Wednesday, December 5, 2007
I used to worry that my heart might be ice, or that it may become so. So I worked with chisel and hammer, trying to find a spot to tap through and let some light inside, to melt a bit of the ice away. In a small area, I worked through several layers, when I finally broke through I was surprised to find smoke billowing out. I peered in, and saw not the core of ice I had expected, but one of fire.
And suddenly I remembered that it had always been so, that I was the one who long ago had built up thin layers of ice all around it. That it was the fire that I feared, for if unleashed it might burn a hole through me, through my life, mere kindling, ruthlessly consumed, devouring whatever it pleases, devasting me in its massive glow.
Not made of ice, made of fire.
Trickier to navigate now in some ways, I still have to tap through and reach it, feel some of its heat in my life, but I can't fully release it.

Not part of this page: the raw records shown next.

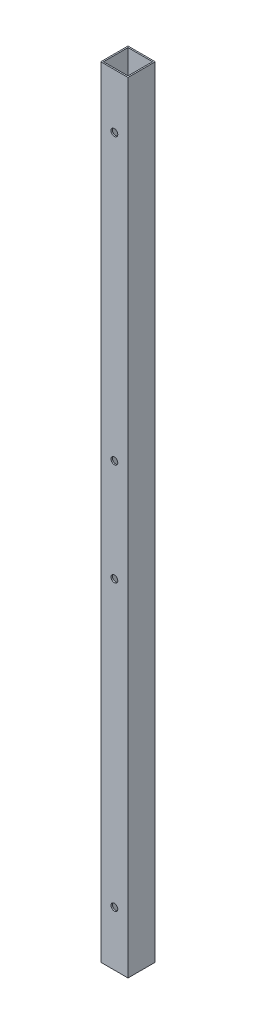
from build123d import *

# Parameters (mm, degrees)
SKETCH2_W                 = 50.8
SKETCH2_H                 = 50.8
SKETCH2_W_2               = 45.72
SKETCH2_H_2               = 45.72
BOSS_EXTRUDE2_DEPTH       = 1454.15
F_97_0_5_DIAMETER_HOLE1_D = 12.7
F_97_0_5_DIAMETER_HOLE2_D = 12.7


with BuildPart() as part:
    # Sketch2 → Boss-Extrude2 (new body)
    with BuildSketch(Plane(origin=(0, 0, 0), x_dir=(1, 0, 0), z_dir=(0, 1, 0))):
        Rectangle(SKETCH2_W, SKETCH2_H)
        Rectangle(SKETCH2_W_2, SKETCH2_H_2, mode=Mode.SUBTRACT)
    extrude(amount=BOSS_EXTRUDE2_DEPTH)

    # #97 (0.5) Diameter Hole1 (through all)
    with Locations(Plane(origin=(0, 1352.55, 25.4), x_dir=(1, 0, 0), z_dir=(0, 0, 1))):
        with Locations((0, 0), (0, -1250.95)):
            Hole(F_97_0_5_DIAMETER_HOLE1_D / 2)

    # #97 (0.5) Diameter Hole2 (through all)
    with Locations(Plane(origin=(0, 822.325, 25.4), x_dir=(1, 0, 0), z_dir=(0, 0, 1))):
        with Locations((0, 0), (0, -190.5)):
            Hole(F_97_0_5_DIAMETER_HOLE2_D / 2)


solid = part.part

I need both. I have to work at the balancing of the elements, tempering the fire, but not extinguishing it with snow.
I have made several holes through. But sometimes I get scared, the fire fed by oxygen, licks at the ice around the holes, and the ice starts melting, and I feel the burning within me, so then I spread thin sheets of ice over them, covering them back up, cooling down. I feel safer, but I feel less, and begin to worry I will eventually grow numb, so I go back and make the little holes again.